**Exercise**
One part of the entries below is wanted: the lines from the one containing "FILE_NAME('part.step','',(''),(''),'','','');" through the one containing "#34=DIRECTION('',(0.,-1.,0.));". Write those out exactly and nothing else.

++++ Supplied records ++++

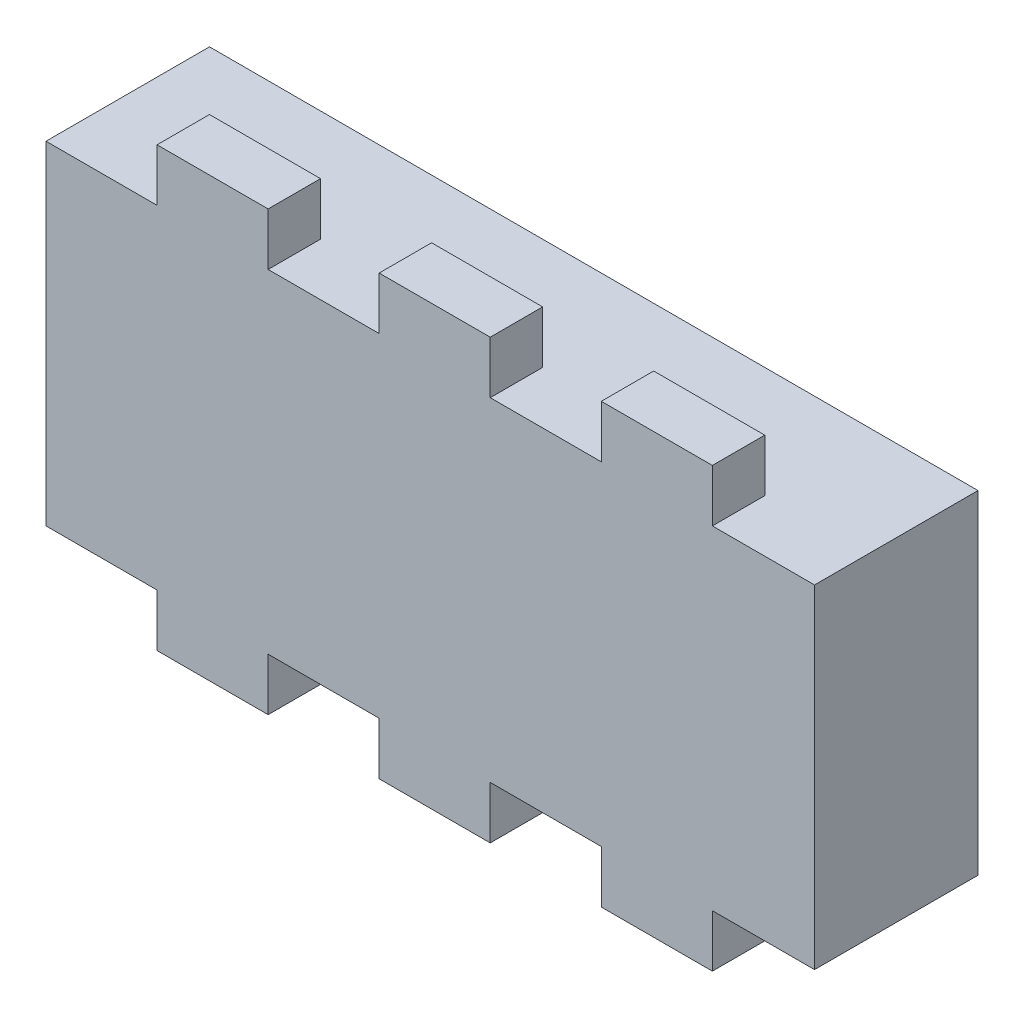
ISO-10303-21;
HEADER;
FILE_DESCRIPTION(('STEP AP214'),'2;1');
FILE_NAME('part.step','',(''),(''),'','','');
FILE_SCHEMA(('AUTOMOTIVE_DESIGN { 1 0 10303 214 1 1 1 1 }'));
ENDSEC;
DATA;
#1=APPLICATION_CONTEXT('core data for automotive mechanical design processes');
#2=APPLICATION_PROTOCOL_DEFINITION('international standard','automotive_design',2000,#1);
#3=PRODUCT_CONTEXT('',#1,'mechanical');
#4=PRODUCT('Part','Part','',(#3));
#5=PRODUCT_RELATED_PRODUCT_CATEGORY('part','',(#4));
#6=PRODUCT_DEFINITION_FORMATION('','',#4);
#7=PRODUCT_DEFINITION_CONTEXT('part definition',#1,'design');
#8=PRODUCT_DEFINITION('design','',#6,#7);
#9=PRODUCT_DEFINITION_SHAPE('','',#8);
#10=(LENGTH_UNIT() NAMED_UNIT(*) SI_UNIT(.MILLI.,.METRE.));
#11=(NAMED_UNIT(*) PLANE_ANGLE_UNIT() SI_UNIT($,.RADIAN.));
#12=(NAMED_UNIT(*) SI_UNIT($,.STERADIAN.) SOLID_ANGLE_UNIT());
#13=UNCERTAINTY_MEASURE_WITH_UNIT(LENGTH_MEASURE(1.E-05),#10,'distance_accuracy_value','');
#14=(GEOMETRIC_REPRESENTATION_CONTEXT(3) GLOBAL_UNCERTAINTY_ASSIGNED_CONTEXT((#13)) GLOBAL_UNIT_ASSIGNED_CONTEXT((#10,
#11,#12)) REPRESENTATION_CONTEXT('',''));
#15=CARTESIAN_POINT('',(0.,0.,0.));
#16=DIRECTION('',(0.,0.,1.));
#17=DIRECTION('',(1.,0.,0.));
#18=AXIS2_PLACEMENT_3D('',#15,#16,#17);
#19=CARTESIAN_POINT('',(0.,0.,-2.9972));
#20=DIRECTION('',(0.,0.,1.));
#21=DIRECTION('',(-1.,0.,0.));
#22=AXIS2_PLACEMENT_3D('',#19,#20,#21);
#23=PLANE('',#22);
#24=DIRECTION('',(-1.,0.,0.));
#25=VECTOR('',#24,1.);
#26=CARTESIAN_POINT('',(-21.971,9.525,-2.9972));
#27=LINE('',#26,#25);
#28=CARTESIAN_POINT('',(16.129,9.525,-2.9972));
#29=VERTEX_POINT('',#28);
#30=CARTESIAN_POINT('',(9.77899999999999,9.525,-2.9972));
#31=VERTEX_POINT('',#30);
#32=EDGE_CURVE('E11',#29,#31,#27,.T.);
#33=ORIENTED_EDGE('',*,*,#32,.T.);
#34=DIRECTION('',(0.,-1.,0.));
#35=VECTOR('',#34,1.);
#36=CARTESIAN_POINT('',(9.779,12.5222,-2.9972));
#37=LINE('',#36,#35);
#38=CARTESIAN_POINT('',(9.779,12.5222,-2.9972));
#39=VERTEX_POINT('',#38);
#40=EDGE_CURVE('E356',#39,#31,#37,.T.);
#41=ORIENTED_EDGE('',*,*,#40,.F.);
#42=DIRECTION('',(1.,0.,0.));
#43=VECTOR('',#42,1.);
#44=CARTESIAN_POINT('',(9.779,12.5222,-2.9972));
#45=LINE('',#44,#43);
#46=CARTESIAN_POINT('',(16.129,12.5222,-2.9972));
#47=VERTEX_POINT('',#46);
#48=EDGE_CURVE('E371',#39,#47,#45,.T.);
#49=ORIENTED_EDGE('',*,*,#48,.T.);
#50=DIRECTION('',(0.,-1.,0.));
#51=VECTOR('',#50,1.);
#52=CARTESIAN_POINT('',(16.129,12.5222,-2.9972));
#53=LINE('',#52,#51);
#54=EDGE_CURVE('E387',#47,#29,#53,.T.);
#55=ORIENTED_EDGE('',*,*,#54,.T.);
#56=EDGE_LOOP('',(#33,#41,#49,#55));
#57=FACE_BOUND('',#56,.T.);
#58=ADVANCED_FACE('F45',(#57),#23,.F.);
#59=CARTESIAN_POINT('',(3.42899999999999,9.525,-2.9972));
#60=VERTEX_POINT('',#59);
#61=CARTESIAN_POINT('',(-2.92100000000001,9.525,-2.9972));
#62=VERTEX_POINT('',#61);
#63=EDGE_CURVE('E54',#60,#62,#27,.T.);
#64=ORIENTED_EDGE('',*,*,#63,.T.);
#65=DIRECTION('',(0.,-1.,0.));
#66=VECTOR('',#65,1.);
#67=CARTESIAN_POINT('',(-2.921,12.5222,-2.9972));
#68=LINE('',#67,#66);
#69=CARTESIAN_POINT('',(-2.921,12.5222,-2.9972));
#70=VERTEX_POINT('',#69);
#71=EDGE_CURVE('E365',#70,#62,#68,.T.);
#72=ORIENTED_EDGE('',*,*,#71,.F.);
#73=DIRECTION('',(1.,0.,0.));
#74=VECTOR('',#73,1.);
#75=CARTESIAN_POINT('',(-2.921,12.5222,-2.9972));
#76=LINE('',#75,#74);
#77=CARTESIAN_POINT('',(3.429,12.5222,-2.9972));
#78=VERTEX_POINT('',#77);
#79=EDGE_CURVE('E344',#70,#78,#76,.T.);
#80=ORIENTED_EDGE('',*,*,#79,.T.);
#81=DIRECTION('',(0.,-1.,0.));
#82=VECTOR('',#81,1.);
#83=CARTESIAN_POINT('',(3.429,12.5222,-2.9972));
#84=LINE('',#83,#82);
#85=EDGE_CURVE('E362',#78,#60,#84,.T.);
#86=ORIENTED_EDGE('',*,*,#85,.T.);
#87=EDGE_LOOP('',(#64,#72,#80,#86));
#88=FACE_BOUND('',#87,.T.);
#89=ADVANCED_FACE('F474',(#88),#23,.F.);
#90=CARTESIAN_POINT('',(-9.271,9.525,-2.9972));
#91=VERTEX_POINT('',#90);
#92=CARTESIAN_POINT('',(-15.621,9.525,-2.9972));
#93=VERTEX_POINT('',#92);
#94=EDGE_CURVE('E56',#91,#93,#27,.T.);
#95=ORIENTED_EDGE('',*,*,#94,.T.);
#96=DIRECTION('',(0.,-1.,0.));
#97=VECTOR('',#96,1.);
#98=CARTESIAN_POINT('',(-15.621,12.5222,-2.9972));
#99=LINE('',#98,#97);
#100=CARTESIAN_POINT('',(-15.621,12.5222,-2.9972));
#101=VERTEX_POINT('',#100);
#102=EDGE_CURVE('E413',#101,#93,#99,.T.);
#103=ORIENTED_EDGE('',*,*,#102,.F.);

++++

**Reply**
FILE_NAME('part.step','',(''),(''),'','','');
FILE_SCHEMA(('AUTOMOTIVE_DESIGN { 1 0 10303 214 1 1 1 1 }'));
ENDSEC;
DATA;
#1=APPLICATION_CONTEXT('core data for automotive mechanical design processes');
#2=APPLICATION_PROTOCOL_DEFINITION('international standard','automotive_design',2000,#1);
#3=PRODUCT_CONTEXT('',#1,'mechanical');
#4=PRODUCT('Part','Part','',(#3));
#5=PRODUCT_RELATED_PRODUCT_CATEGORY('part','',(#4));
#6=PRODUCT_DEFINITION_FORMATION('','',#4);
#7=PRODUCT_DEFINITION_CONTEXT('part definition',#1,'design');
#8=PRODUCT_DEFINITION('design','',#6,#7);
#9=PRODUCT_DEFINITION_SHAPE('','',#8);
#10=(LENGTH_UNIT() NAMED_UNIT(*) SI_UNIT(.MILLI.,.METRE.));
#11=(NAMED_UNIT(*) PLANE_ANGLE_UNIT() SI_UNIT($,.RADIAN.));
#12=(NAMED_UNIT(*) SI_UNIT($,.STERADIAN.) SOLID_ANGLE_UNIT());
#13=UNCERTAINTY_MEASURE_WITH_UNIT(LENGTH_MEASURE(1.E-05),#10,'distance_accuracy_value','');
#14=(GEOMETRIC_REPRESENTATION_CONTEXT(3) GLOBAL_UNCERTAINTY_ASSIGNED_CONTEXT((#13)) GLOBAL_UNIT_ASSIGNED_CONTEXT((#10,
#11,#12)) REPRESENTATION_CONTEXT('',''));
#15=CARTESIAN_POINT('',(0.,0.,0.));
#16=DIRECTION('',(0.,0.,1.));
#17=DIRECTION('',(1.,0.,0.));
#18=AXIS2_PLACEMENT_3D('',#15,#16,#17);
#19=CARTESIAN_POINT('',(0.,0.,-2.9972));
#20=DIRECTION('',(0.,0.,1.));
#21=DIRECTION('',(-1.,0.,0.));
#22=AXIS2_PLACEMENT_3D('',#19,#20,#21);
#23=PLANE('',#22);
#24=DIRECTION('',(-1.,0.,0.));
#25=VECTOR('',#24,1.);
#26=CARTESIAN_POINT('',(-21.971,9.525,-2.9972));
#27=LINE('',#26,#25);
#28=CARTESIAN_POINT('',(16.129,9.525,-2.9972));
#29=VERTEX_POINT('',#28);
#30=CARTESIAN_POINT('',(9.77899999999999,9.525,-2.9972));
#31=VERTEX_POINT('',#30);
#32=EDGE_CURVE('E11',#29,#31,#27,.T.);
#33=ORIENTED_EDGE('',*,*,#32,.T.);
#34=DIRECTION('',(0.,-1.,0.));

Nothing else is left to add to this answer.